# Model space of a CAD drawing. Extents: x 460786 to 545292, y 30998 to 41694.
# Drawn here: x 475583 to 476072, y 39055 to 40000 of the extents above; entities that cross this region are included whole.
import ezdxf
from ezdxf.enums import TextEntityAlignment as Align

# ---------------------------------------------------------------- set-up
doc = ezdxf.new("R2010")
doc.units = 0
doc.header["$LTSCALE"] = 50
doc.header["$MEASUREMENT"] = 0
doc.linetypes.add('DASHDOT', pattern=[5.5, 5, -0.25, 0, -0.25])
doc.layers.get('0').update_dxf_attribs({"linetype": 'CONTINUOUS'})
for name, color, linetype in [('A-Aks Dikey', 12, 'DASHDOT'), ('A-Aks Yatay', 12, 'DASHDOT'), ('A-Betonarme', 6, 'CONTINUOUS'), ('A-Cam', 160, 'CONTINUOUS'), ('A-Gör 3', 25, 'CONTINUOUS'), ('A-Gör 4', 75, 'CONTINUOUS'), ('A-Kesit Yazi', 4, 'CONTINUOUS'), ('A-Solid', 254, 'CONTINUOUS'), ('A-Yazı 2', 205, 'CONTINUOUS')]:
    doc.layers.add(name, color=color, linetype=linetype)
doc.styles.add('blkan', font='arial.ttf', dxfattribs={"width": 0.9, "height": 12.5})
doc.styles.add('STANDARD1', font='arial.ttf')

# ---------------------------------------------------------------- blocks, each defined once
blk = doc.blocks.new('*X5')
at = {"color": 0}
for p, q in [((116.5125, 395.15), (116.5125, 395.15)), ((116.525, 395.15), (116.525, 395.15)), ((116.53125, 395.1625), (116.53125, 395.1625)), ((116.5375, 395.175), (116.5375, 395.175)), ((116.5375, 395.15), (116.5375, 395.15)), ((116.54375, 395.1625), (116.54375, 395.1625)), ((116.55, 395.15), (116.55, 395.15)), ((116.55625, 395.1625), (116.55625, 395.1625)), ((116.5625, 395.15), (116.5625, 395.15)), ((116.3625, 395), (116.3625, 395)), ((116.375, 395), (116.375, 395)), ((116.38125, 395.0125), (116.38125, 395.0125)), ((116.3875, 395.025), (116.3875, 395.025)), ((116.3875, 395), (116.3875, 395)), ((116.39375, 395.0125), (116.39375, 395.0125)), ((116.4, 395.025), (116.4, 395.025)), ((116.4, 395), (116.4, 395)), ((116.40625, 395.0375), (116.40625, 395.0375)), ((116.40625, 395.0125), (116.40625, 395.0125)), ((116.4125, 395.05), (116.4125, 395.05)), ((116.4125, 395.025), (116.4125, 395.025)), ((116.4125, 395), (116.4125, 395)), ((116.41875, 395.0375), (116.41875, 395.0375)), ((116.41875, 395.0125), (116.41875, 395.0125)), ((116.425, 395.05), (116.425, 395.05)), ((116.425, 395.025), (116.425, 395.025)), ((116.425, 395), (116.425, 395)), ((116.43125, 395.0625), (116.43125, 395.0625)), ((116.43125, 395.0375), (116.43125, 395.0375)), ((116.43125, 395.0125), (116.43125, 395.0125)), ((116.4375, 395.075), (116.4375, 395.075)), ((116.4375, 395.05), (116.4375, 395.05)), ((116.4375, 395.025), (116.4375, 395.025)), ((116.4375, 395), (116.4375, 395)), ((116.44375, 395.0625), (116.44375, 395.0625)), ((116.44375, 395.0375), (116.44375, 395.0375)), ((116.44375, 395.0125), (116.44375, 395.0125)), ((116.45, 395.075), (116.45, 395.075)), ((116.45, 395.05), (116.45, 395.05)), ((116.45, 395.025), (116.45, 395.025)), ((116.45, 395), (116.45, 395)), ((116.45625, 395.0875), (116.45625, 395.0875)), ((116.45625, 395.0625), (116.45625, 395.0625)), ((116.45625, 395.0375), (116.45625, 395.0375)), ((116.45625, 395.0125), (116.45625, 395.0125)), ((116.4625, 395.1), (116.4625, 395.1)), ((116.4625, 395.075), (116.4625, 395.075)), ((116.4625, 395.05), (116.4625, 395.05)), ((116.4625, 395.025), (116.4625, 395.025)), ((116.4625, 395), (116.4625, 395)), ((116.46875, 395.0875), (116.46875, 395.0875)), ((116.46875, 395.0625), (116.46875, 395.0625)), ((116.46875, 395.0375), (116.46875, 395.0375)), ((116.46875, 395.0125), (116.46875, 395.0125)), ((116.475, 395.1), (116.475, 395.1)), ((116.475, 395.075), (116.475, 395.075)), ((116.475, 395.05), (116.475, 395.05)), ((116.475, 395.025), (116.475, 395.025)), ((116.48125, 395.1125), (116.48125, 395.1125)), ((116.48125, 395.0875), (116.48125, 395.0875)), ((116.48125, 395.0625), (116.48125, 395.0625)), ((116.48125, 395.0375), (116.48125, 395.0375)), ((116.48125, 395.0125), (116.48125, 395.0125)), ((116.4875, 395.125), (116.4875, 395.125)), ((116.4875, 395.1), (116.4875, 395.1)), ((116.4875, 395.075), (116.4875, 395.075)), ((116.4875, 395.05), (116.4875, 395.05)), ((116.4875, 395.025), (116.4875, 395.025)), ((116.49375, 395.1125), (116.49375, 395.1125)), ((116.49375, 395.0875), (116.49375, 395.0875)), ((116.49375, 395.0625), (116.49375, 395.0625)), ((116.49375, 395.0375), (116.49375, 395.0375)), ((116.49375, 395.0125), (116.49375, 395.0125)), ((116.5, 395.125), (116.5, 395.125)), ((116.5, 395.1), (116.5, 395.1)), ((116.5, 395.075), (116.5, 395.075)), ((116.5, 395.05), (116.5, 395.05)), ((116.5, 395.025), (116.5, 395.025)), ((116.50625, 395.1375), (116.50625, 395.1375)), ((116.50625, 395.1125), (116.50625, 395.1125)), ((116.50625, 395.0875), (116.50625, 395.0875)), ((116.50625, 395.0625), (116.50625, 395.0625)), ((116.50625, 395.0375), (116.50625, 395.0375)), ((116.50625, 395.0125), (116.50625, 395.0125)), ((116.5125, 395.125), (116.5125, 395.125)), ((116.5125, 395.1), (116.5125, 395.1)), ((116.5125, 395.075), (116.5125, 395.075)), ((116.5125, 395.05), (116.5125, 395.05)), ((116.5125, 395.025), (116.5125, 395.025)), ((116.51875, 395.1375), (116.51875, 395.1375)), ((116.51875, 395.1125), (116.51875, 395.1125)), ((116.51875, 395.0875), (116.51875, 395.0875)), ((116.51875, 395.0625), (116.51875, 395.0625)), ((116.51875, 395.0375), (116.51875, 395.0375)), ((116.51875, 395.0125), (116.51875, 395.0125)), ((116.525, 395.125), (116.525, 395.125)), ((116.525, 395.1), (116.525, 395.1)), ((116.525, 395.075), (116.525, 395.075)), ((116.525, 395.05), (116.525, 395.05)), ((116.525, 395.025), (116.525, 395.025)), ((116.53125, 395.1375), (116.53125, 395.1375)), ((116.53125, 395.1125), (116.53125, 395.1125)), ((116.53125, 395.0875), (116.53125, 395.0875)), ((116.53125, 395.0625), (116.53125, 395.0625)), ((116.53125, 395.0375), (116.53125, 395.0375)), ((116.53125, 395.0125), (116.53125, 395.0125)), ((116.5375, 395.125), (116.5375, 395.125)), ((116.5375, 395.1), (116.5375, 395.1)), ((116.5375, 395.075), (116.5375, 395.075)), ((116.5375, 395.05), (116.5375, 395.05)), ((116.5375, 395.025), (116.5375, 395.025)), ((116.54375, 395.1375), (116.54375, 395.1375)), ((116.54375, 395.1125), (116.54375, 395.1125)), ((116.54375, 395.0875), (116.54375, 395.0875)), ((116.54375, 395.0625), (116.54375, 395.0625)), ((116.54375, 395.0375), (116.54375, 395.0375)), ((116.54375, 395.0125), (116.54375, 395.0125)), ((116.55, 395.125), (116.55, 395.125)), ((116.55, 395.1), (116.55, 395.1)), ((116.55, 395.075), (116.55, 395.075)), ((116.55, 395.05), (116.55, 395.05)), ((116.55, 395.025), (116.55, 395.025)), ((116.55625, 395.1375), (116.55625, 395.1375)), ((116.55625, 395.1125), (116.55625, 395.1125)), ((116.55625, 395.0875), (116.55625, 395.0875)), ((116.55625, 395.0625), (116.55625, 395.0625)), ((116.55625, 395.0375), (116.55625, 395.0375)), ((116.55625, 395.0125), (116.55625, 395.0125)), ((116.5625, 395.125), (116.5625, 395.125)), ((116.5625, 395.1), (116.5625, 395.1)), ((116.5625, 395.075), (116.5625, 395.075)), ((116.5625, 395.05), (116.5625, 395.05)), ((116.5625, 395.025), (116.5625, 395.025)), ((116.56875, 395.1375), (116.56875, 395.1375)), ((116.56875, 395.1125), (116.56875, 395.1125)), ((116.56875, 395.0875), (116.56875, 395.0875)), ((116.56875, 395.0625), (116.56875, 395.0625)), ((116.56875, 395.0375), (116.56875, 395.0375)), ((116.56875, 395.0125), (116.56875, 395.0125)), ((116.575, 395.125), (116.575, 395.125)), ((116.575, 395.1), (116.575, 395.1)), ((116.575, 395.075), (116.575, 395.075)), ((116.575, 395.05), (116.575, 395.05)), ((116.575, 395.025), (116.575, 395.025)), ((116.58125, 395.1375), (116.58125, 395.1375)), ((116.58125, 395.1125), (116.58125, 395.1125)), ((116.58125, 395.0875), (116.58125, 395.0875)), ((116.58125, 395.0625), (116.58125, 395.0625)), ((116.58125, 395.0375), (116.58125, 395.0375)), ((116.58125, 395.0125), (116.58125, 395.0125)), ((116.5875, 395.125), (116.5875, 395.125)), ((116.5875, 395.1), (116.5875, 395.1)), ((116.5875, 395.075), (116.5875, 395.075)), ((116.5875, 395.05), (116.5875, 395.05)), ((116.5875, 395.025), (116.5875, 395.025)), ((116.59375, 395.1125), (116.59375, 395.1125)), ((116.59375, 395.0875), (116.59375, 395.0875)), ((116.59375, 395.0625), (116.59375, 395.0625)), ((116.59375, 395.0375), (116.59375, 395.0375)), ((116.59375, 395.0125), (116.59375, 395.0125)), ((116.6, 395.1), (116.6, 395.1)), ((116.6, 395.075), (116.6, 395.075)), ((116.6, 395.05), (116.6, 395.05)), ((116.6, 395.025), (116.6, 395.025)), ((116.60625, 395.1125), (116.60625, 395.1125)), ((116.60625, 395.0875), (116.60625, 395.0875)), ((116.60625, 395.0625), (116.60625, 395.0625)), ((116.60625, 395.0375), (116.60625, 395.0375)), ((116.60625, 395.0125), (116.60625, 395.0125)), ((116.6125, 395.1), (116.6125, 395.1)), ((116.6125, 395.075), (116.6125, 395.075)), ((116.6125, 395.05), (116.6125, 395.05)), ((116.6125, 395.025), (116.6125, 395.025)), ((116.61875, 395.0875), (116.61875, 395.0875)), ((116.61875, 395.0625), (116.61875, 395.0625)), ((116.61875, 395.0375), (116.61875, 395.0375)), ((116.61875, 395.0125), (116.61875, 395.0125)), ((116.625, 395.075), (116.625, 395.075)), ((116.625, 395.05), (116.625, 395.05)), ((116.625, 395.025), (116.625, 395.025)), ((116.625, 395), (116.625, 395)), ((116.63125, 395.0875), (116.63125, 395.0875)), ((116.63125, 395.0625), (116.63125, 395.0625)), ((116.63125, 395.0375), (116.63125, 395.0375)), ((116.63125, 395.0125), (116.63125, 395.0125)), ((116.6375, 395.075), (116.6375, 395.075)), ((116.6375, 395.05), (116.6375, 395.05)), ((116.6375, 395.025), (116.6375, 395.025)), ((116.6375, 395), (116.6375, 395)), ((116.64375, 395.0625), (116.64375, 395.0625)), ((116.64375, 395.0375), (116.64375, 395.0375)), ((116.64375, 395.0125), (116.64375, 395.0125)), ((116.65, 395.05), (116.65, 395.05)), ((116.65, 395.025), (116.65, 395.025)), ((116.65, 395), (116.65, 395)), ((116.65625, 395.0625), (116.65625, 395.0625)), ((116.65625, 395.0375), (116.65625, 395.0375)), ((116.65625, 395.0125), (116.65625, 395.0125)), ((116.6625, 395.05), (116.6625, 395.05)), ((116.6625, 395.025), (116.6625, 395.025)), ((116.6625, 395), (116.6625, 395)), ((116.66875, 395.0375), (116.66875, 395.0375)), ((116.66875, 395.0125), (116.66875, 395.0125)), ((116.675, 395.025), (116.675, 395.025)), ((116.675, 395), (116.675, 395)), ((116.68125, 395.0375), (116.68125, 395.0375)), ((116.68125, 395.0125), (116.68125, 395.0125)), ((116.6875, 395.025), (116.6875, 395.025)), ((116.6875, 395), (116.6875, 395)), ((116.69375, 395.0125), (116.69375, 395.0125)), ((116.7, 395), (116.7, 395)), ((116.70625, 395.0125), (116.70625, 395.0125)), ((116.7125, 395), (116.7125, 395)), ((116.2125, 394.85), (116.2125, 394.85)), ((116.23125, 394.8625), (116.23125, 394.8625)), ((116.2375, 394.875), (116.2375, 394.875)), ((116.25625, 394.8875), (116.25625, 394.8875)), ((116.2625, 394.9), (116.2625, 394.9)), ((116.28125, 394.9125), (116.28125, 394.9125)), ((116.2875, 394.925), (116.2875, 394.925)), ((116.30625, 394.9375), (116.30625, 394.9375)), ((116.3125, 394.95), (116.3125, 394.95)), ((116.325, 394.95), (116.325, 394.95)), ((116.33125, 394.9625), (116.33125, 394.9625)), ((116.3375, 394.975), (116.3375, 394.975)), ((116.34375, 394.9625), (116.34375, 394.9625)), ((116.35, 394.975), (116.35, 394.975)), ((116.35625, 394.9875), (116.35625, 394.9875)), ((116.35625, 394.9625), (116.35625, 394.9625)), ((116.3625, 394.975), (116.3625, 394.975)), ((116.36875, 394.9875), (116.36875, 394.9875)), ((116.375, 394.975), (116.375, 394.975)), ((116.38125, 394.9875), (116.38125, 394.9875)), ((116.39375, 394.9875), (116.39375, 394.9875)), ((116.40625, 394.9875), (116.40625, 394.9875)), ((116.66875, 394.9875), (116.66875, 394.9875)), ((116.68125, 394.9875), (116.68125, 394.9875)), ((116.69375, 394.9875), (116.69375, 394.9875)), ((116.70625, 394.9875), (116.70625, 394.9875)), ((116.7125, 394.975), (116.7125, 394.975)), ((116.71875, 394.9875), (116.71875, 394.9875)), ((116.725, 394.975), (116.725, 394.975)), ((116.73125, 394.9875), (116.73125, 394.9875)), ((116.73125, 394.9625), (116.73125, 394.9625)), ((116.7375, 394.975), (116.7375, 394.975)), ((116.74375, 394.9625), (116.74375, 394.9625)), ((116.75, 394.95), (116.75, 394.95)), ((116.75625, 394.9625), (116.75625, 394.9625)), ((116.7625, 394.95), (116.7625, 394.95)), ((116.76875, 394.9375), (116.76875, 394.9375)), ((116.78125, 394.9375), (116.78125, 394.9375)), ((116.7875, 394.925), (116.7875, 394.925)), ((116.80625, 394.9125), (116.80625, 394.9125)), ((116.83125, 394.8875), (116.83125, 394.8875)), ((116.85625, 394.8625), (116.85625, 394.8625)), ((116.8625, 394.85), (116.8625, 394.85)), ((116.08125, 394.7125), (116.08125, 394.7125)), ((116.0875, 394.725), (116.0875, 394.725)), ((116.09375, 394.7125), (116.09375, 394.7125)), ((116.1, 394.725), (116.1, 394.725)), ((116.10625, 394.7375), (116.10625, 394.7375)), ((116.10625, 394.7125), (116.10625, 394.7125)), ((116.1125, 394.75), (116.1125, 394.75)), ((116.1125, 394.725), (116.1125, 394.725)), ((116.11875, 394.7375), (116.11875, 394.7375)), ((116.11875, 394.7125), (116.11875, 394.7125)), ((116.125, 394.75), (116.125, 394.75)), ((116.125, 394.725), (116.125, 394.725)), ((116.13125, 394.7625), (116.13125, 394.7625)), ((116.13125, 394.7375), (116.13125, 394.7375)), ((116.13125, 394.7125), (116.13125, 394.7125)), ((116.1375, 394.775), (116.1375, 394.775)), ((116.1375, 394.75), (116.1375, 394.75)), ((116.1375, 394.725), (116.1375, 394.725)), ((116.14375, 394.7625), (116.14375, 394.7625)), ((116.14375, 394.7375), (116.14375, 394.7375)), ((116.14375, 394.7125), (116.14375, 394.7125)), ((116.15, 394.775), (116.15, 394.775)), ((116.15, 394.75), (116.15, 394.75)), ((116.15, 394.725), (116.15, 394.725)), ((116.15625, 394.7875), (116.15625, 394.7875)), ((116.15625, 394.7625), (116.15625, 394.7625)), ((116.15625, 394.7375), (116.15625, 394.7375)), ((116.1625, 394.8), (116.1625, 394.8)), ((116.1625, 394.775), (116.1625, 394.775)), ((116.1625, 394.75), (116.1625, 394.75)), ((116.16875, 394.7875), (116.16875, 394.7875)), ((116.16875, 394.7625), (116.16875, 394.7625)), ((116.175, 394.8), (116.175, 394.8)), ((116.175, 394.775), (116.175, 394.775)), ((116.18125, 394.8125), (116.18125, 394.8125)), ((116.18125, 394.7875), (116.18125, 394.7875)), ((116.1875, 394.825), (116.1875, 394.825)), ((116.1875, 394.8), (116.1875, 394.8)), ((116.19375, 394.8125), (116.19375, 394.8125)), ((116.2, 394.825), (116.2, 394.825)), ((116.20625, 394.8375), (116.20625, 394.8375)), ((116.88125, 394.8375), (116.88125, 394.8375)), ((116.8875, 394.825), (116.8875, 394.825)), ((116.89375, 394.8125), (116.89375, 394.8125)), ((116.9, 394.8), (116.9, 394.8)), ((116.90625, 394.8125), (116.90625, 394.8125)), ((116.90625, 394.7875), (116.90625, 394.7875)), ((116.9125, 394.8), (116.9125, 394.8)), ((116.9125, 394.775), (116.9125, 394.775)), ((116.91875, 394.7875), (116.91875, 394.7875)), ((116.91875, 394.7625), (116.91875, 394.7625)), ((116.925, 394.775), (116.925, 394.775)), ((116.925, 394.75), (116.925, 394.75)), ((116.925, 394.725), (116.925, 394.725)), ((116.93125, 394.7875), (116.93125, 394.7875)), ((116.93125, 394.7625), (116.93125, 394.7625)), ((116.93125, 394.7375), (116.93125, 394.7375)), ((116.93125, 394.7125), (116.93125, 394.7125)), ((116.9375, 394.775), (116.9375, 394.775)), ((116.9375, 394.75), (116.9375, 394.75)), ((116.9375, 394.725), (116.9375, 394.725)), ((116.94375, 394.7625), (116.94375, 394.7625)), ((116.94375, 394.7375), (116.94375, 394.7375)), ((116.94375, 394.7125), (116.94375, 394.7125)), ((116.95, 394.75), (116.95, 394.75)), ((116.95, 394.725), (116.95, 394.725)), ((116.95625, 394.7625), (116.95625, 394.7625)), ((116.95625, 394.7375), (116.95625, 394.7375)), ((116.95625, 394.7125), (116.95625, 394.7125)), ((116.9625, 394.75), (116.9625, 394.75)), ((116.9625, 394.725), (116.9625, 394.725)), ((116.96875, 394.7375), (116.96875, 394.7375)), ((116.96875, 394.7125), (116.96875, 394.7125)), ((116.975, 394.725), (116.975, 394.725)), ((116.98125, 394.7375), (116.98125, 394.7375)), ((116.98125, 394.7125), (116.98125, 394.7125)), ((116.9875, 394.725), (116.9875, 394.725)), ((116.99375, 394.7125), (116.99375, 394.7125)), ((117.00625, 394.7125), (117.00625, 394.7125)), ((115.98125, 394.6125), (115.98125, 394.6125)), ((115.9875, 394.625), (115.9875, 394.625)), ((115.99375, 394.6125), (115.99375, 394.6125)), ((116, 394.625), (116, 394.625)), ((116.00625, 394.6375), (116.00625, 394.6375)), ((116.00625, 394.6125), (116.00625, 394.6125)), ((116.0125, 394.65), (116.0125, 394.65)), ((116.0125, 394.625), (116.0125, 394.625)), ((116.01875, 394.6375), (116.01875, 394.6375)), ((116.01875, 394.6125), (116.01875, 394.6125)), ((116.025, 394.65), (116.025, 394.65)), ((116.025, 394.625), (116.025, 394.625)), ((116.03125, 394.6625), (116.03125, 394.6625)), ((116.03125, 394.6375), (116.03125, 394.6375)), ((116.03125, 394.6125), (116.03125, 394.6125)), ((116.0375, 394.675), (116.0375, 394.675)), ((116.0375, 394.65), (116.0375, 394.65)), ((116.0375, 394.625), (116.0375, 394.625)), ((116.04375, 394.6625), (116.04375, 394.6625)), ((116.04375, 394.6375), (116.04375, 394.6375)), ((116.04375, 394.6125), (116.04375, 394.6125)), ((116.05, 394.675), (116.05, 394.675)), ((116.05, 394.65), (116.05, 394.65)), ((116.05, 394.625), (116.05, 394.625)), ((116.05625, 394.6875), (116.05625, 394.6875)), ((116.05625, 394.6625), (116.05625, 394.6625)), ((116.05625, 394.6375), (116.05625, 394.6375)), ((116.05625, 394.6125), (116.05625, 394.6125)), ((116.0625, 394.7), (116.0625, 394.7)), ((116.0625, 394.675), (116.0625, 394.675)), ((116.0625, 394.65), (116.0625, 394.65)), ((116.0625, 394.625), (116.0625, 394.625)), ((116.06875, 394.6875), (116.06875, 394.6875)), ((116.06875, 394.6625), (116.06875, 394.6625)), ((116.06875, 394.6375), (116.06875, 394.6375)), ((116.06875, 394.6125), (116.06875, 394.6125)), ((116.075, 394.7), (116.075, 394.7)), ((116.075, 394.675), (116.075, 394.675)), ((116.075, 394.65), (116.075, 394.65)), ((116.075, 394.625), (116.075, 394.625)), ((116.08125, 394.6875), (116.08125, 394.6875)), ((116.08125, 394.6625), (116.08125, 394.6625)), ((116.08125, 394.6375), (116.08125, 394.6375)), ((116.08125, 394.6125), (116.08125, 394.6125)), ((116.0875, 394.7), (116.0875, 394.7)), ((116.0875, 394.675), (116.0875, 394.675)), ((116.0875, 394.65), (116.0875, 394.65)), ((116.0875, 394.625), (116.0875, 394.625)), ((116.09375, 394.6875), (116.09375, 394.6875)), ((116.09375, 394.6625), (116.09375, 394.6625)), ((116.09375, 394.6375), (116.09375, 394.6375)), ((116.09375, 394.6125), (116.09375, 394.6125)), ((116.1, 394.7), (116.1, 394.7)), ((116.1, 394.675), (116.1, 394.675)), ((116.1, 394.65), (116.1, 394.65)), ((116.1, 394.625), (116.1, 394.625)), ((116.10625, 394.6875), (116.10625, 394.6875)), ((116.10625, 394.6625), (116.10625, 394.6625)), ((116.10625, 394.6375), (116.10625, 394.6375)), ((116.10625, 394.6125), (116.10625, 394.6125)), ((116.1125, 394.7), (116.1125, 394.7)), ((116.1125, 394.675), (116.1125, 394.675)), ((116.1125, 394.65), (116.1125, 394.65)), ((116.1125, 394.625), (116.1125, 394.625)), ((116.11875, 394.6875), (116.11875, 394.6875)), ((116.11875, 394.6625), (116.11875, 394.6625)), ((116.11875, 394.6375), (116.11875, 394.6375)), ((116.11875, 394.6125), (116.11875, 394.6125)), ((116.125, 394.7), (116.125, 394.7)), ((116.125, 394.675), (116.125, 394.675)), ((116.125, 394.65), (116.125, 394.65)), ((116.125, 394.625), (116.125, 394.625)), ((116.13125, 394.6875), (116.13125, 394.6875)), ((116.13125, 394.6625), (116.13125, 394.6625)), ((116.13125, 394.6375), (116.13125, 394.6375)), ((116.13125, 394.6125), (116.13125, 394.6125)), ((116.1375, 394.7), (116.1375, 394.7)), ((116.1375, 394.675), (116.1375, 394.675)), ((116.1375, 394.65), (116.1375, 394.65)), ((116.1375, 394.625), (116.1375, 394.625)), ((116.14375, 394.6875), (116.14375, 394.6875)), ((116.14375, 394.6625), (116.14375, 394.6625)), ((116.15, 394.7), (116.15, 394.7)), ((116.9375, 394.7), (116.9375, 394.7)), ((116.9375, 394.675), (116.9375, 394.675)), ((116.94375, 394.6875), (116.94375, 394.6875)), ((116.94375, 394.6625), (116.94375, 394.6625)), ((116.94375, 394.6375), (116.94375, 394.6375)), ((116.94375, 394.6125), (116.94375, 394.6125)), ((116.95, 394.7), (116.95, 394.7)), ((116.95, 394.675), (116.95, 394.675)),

__WHAT YOU HAVE TO DO__
In the records, which lines mention the word "color"? Copy those lines.

__EXERCISE RESPONSE__
for name, color, linetype in [('A-Aks Dikey', 12, 'DASHDOT'), ('A-Aks Yatay', 12, 'DASHDOT'), ('A-Betonarme', 6, 'CONTINUOUS'), ('A-Cam', 160, 'CONTINUOUS'), ('A-Gör 3', 25, 'CONTINUOUS'), ('A-Gör 4', 75, 'CONTINUOUS'), ('A-Kesit Yazi', 4, 'CONTINUOUS'), ('A-Solid', 254, 'CONTINUOUS'), ('A-Yazı 2', 205, 'CONTINUOUS')]:
    doc.layers.add(name, color=color, linetype=linetype)
at = {"color": 0}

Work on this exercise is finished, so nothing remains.